- [What you have to do]:
Only the text belongs in the copy: repeat each record exactly, without pictures.
Supplied material Start Marker
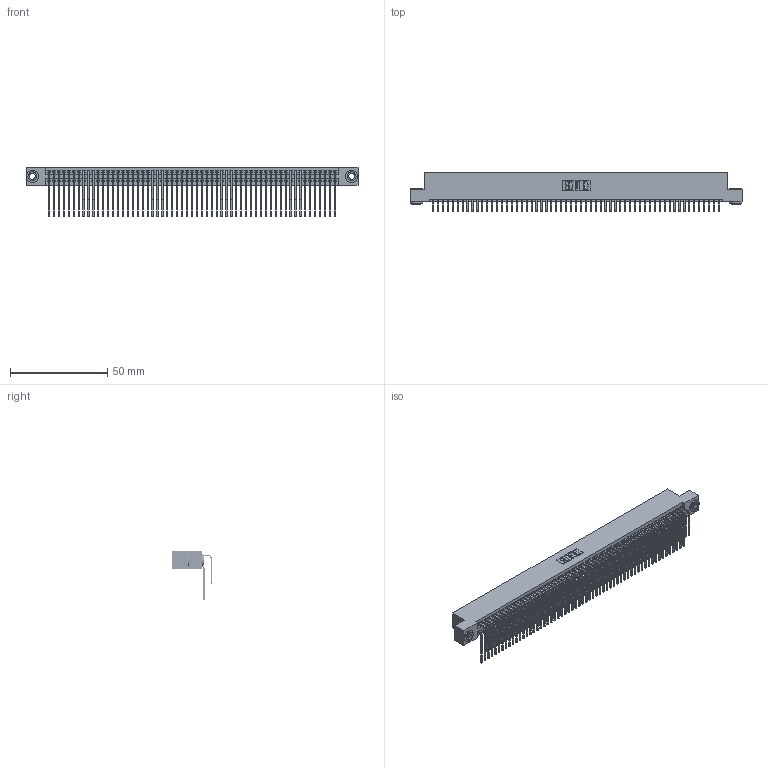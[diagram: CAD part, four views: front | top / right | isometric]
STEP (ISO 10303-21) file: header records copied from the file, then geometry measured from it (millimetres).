
FILE_DESCRIPTION (( 'STEP AP203' ), '1' );
FILE_NAME ('395-118-559-203.STEP', '2018-12-03T11:35:56', ( '' ), ( '' ), 'SwSTEP 2.0', 'SolidWorks 2016', '' );
FILE_SCHEMA (( 'CONFIG_CONTROL_DESIGN' ));
Length unit declared in the file: inch
Products named in the file (5): 395-118-559-203; 345-250-002_345-250-002-102; 345-292-001_559 Tail - 2; 345-292-001_558 559 Tail - 1; 345 Part_Flush Mounting Lugs - 0.156 Dia-TH
Assembly tree (121 placements, depth 2):
  395-118-559-203
    345 Part_Flush Mounting Lugs - 0.156 Dia-TH
    345-292-001_558 559 Tail - 1  x59
    345-292-001_559 Tail - 2  x59
    345-250-002_345-250-002-102  x2
Bounding box: 171.07 x 20.56 x 25.53 mm (x, y, z)
Volume: 17475.7 mm3; surface area: 29567.1 mm2
Topology: 121 solids, 121 shells, 6300 faces, 18707 edges, 12310 vertices
Faces by surface type: plane 4220, cylinder 2072, cone 8
Entity records: 46306 total; most frequent: CARTESIAN_POINT 7766, ORIENTED_EDGE 7642, DIRECTION 6831, EDGE_CURVE 3821, LINE 3389, VECTOR 3389, VERTEX_POINT 2542, AXIS2_PLACEMENT_3D 1721
Supplied material End Marker
- [Expected answer]:
[diagram: CAD part, four views: front | top / right | isometric]
STEP (ISO 10303-21) file: header records copied from the file, then geometry measured from it (millimetres).
FILE_DESCRIPTION (( 'STEP AP203' ), '1' );
FILE_NAME ('395-118-559-203.STEP', '2018-12-03T11:35:56', ( '' ), ( '' ), 'SwSTEP 2.0', 'SolidWorks 2016', '' );
FILE_SCHEMA (( 'CONFIG_CONTROL_DESIGN' ));
Length unit declared in the file: inch
Products named in the file (5): 395-118-559-203; 345-250-002_345-250-002-102; 345-292-001_559 Tail - 2; 345-292-001_558 559 Tail - 1; 345 Part_Flush Mounting Lugs - 0.156 Dia-TH
Assembly tree (121 placements, depth 2):
  395-118-559-203
    345 Part_Flush Mounting Lugs - 0.156 Dia-TH
    345-292-001_558 559 Tail - 1  x59
    345-292-001_559 Tail - 2  x59
    345-250-002_345-250-002-102  x2
Bounding box: 171.07 x 20.56 x 25.53 mm (x, y, z)
Volume: 17475.7 mm3; surface area: 29567.1 mm2
Topology: 121 solids, 121 shells, 6300 faces, 18707 edges, 12310 vertices
Faces by surface type: plane 4220, cylinder 2072, cone 8
Entity records: 46306 total; most frequent: CARTESIAN_POINT 7766, ORIENTED_EDGE 7642, DIRECTION 6831, EDGE_CURVE 3821, LINE 3389, VECTOR 3389, VERTEX_POINT 2542, AXIS2_PLACEMENT_3D 1721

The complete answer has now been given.